La evolución ha de cumplir todas sus etapas. De la materia inerte a la vida vegetal, del instinto animal a la razón humana, y de ésta a la superconsciencia, la mente ha de ir abriendo su comprensión, rechazando atavismos caducos, supersticiones trasnochadas, metáforas, mitos y leyendas en los que alguna vez se apoyó, para que la luz del conocimiento la ilumine gradualmente. En este camino no hay atajos voluntaristas, sólo sudor y lágrimas, fracasos, errores, caídas, desengaños y frustraciones que pavimentan el crecimiento humano. Quien cree poseer una verdad, se estanca. Quien opta por aceptar doctrinas, renuncia al desafío cotidiano de lo nuevo, al avance, a la sabiduría, a la evolución. En cambio, el buscador siempre encontrará una verdad mejor que la anterior.

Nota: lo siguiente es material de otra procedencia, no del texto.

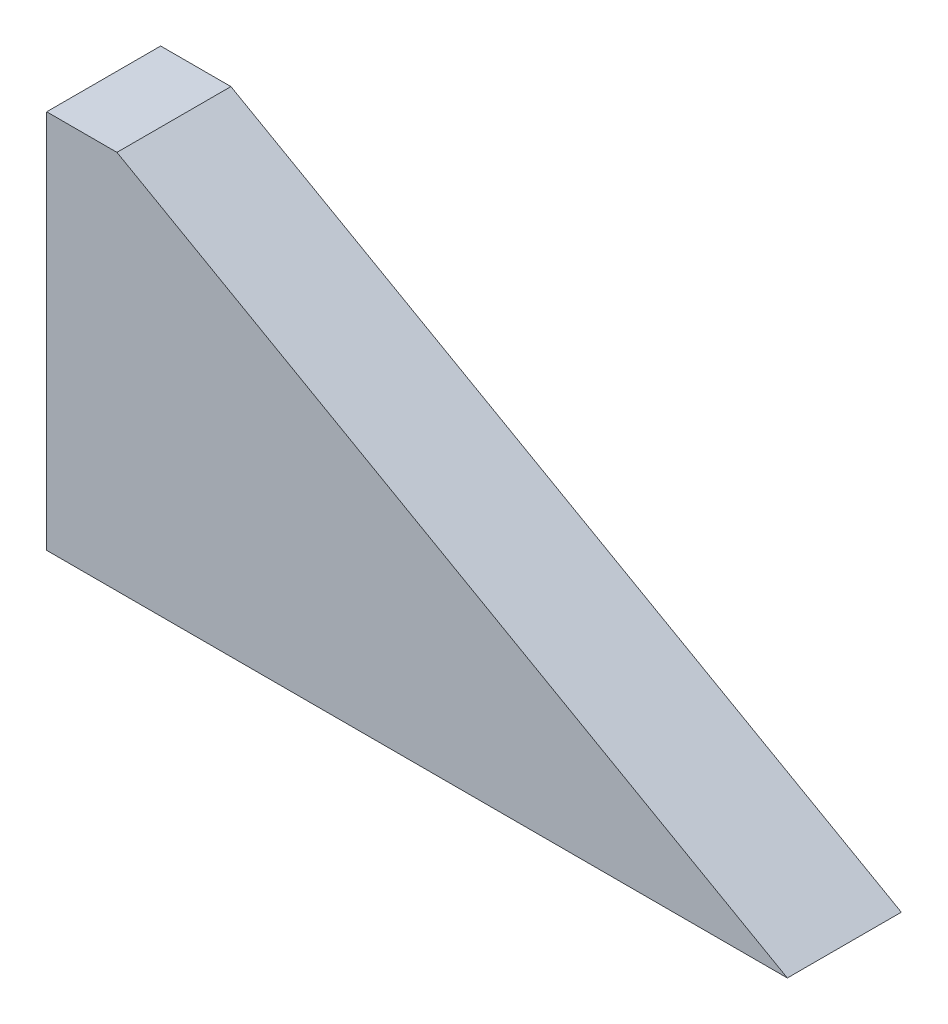
SolidWorks part; units mm, degrees
material "Клен"
ref_plane "Спереди" through (0, 0, 0) normal (0, 0, 1) x (1, 0, 0)
ref_plane "Сверху" through (0, 0, 0) normal (0, 1, 0) x (1, 0, 0)
ref_plane "Справа" through (0, 0, 0) normal (1, 0, 0) x (0, 0, -1)
sketch "Эскиз1" plane through (0, 0, 0) normal (0, 0, 1) x (1, 0, 0)
  line L0 (6, 6.0784) -> (6, 26.0784)
  line L2 (6, 26.0784) -> (9.7, 26.0784)
  line L3 (45, 6.0784) -> (6, 6.0784)
  line L4 (9.7, 26.0784) -> (45, 6.0784)
extrude "Бобышка-Вытянуть1" add sketch "Эскиз1" against normal blind 6

Hay que admitir la habilidad de las religiones para hacerse con el patrimonio de lo espiritual, pero recordemos aquí que una religión no es más que un conjunto de creencias, ceremonias, rituales y ministros que tratan de administrar el miedo de los otros. Aunque toda religión tiene su fundamento en seres y lugares invisibles, en promesas y acontecimientos por venir, sus principios no pueden considerarse verdaderamente espirituales, porque no persiguen el conocimiento, sino la creencia, y no procuran la libertad, sino el sometimiento.

¿Acaso no es espiritual quien se sumerge en el silencio de la meditación, sin apriorismos, sin falsos esquemas, con el corazón limpio, a la búsqueda de la experiencia mística, de la inmersión en el Ser? ¿Es, por ventura, mejor quien le pone una vela al santo de turno en demanda de algún favor egoísta, o quien predica sandeces en el nombre de Dios? Así como en la materia hay una gradación y no es lo mismo una piedra que un hombre, en el mundo de las formas invisibles cabe distinguir el fanatismo emocional de la búsqueda filosófica, la superstición primaria del misticismo iluminador.

Quizás escandalice a algunos al afirmar que los pecadores encajan mejor en el contexto espiritual, siempre que de cada desliz extraigan una lección, que los piadosos meapilas, hipócritas, reprimidos, asustados y sometidos de que se nutren muchas religiones. Es posible que haya una desmesura en la incontinencia del trasgresor, pero hay valor en su acción. Y la vida espiritual requiere grandes dosis de valor para adentrarse en las regiones inexploradas del alma, a la búsqueda de la experiencia trascendente y reveladora. Mientras el hombre no acepte la responsabilidad de la búsqueda personal, mientras necesite la tutela de una institución, mientras se halle dispuesto a aceptar lo que no sabe, no puede hablarse de un hombre espiritual, sino de un feligrés, un seguidor, una persona gregaria refugiada en la confortable seguridad de la masa, fortalecida por la compañía de muchos, limitada a aceptar lo que le digan y a conformar su conducta según le impongan.

Espiritual, en cambio, es quien bucea en las profundidades, quien vive en las esencias, quien tiene hambre de conocimiento, quien se complace en desterrar falsas creencias porque eso le acerca a la verdad. Hay que desprenderse de muchas etiquetas y desaprender un buen número de apriorismos atávicos antes de estar en condiciones de iniciar el gran viaje hacia el Espíritu. De poco sirven en él esas alforjas cargadas de suficiencia, vanidad, presunción y autoalabanza que algunos exhiben ostentosamente sobre sus lomos de jumento. Y, desde luego, el inmenso caudal de experiencias «psíquicas» con que los esotéricos tratan de epatarse entre sí, equivale a cero en la contabilidad de los méritos espirituales.